Sempat ada yang menduga bahwa kehebohan video tersebut adalah bentuk revenge porn, meski belum ada klarifikasi resmi mengenai hal tersebut hingga kini.
 
Pengertian revenge porn adalah mantan pasangan (biasanya laki-laki) mengunggah materi berupa gambar atau video seksual, untuk disebarluaskan di internet bisa melalui media sosial atau website pornografi, tanpa persetujuan, dengan tujuan untuk balas dendam setelah hubungan romantis berakhir (Mcglyn et al, 2017).
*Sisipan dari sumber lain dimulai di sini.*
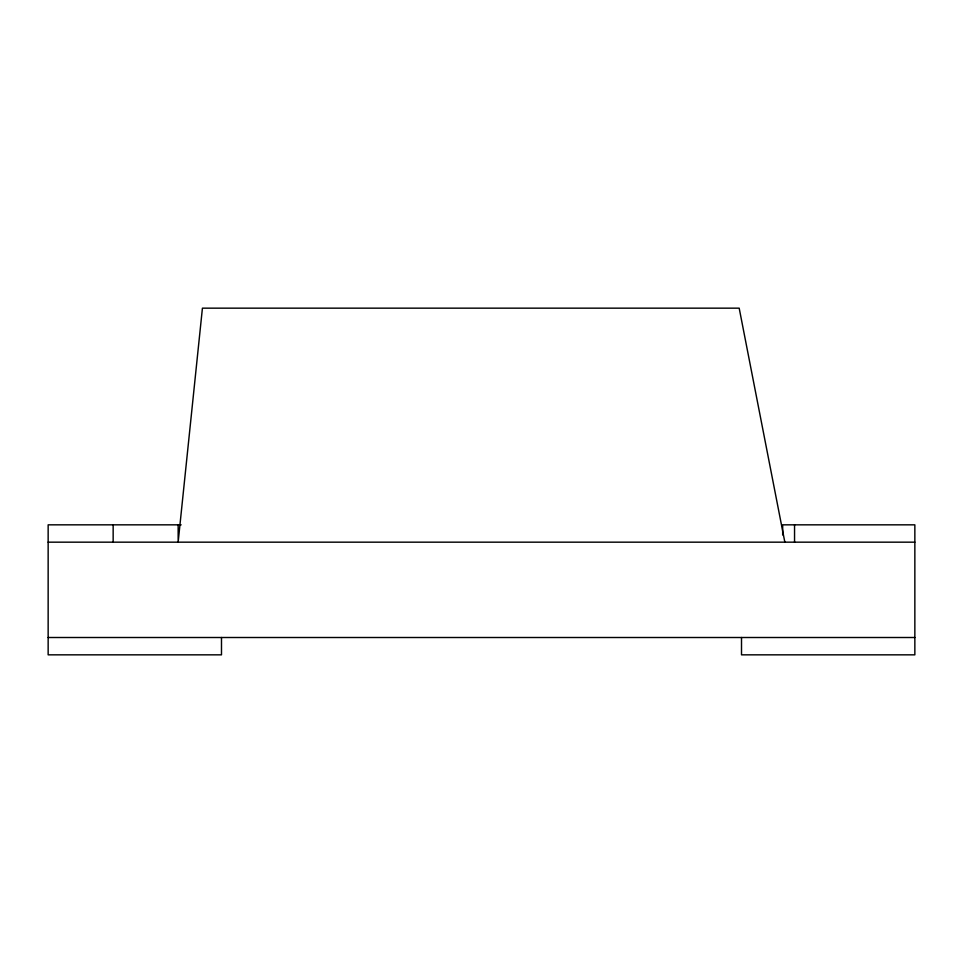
<?xml version="1.0" encoding="UTF-8"?>
<svg xmlns="http://www.w3.org/2000/svg" width="963" height="963" viewBox="0 0 963 963"><rect width="100%" height="100%" fill="white"/><g stroke="black" fill="none" stroke-linecap="round" stroke-linejoin="round"><path stroke-width="1.44" d="M181.14 524.835L48.15 524.835L48.15 654.84L221.49 654.84L221.49 637.506M48.15 542.169L914.85 542.169M48.15 637.506L914.85 637.506M784.845 542.169L739.187 308.16L202.423 308.16L178.155 542.169L178.155 524.835M794.547 524.835L794.547 542.169M782.678 534.947L782.678 524.835L914.85 524.835L914.85 654.84L741.51 654.84L741.51 637.506M113.153 524.835L113.153 542.169"/></g></svg>
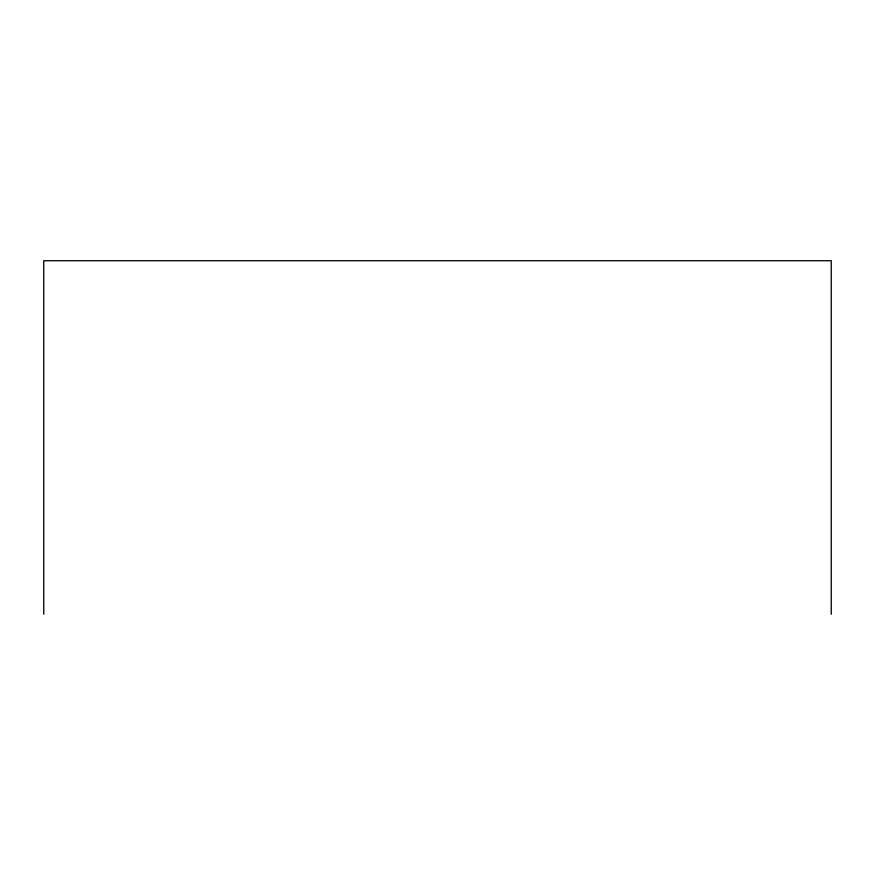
<?xml version="1.0" encoding="UTF-8"?>
<svg xmlns="http://www.w3.org/2000/svg" width="875" height="875" viewBox="0 0 875 875"><rect width="100%" height="100%" fill="white"/><g stroke="black" fill="none" stroke-linecap="round" stroke-linejoin="round"><path stroke-width="1.31" d="M831.25 614.272L831.25 260.728L43.75 260.728L43.75 614.272"/></g></svg>

Revenge porn menjadi fenomena ketika kehidupan sehari-hari kita tak lepas dari perkembangan teknologi, termasuk internet.
 
Studi yang dilakukan oleh asosiasi sedunia untuk komunikasi progresif bagi program hak-hak perempuan menetapkan bahwa mengambil, mengunggah, serta menyebarkan foto atau video intim tanpa persetujuan merupakan salah satu bentuk kekerasan seksual.
 
Revenge porn pernah dialami oleh politisi Amerika serikat Katie Hill. Tahun lalu, setelah berhasil mendapatkan kursi sebagai wakil rakyat, Katie harus menerima kenyataan pahit ketika foto mesranya dengan salah satu stafnya dibocorkan ke publik. Katie pun akhirnya mundur dari posisinya karena terkena aturan etika.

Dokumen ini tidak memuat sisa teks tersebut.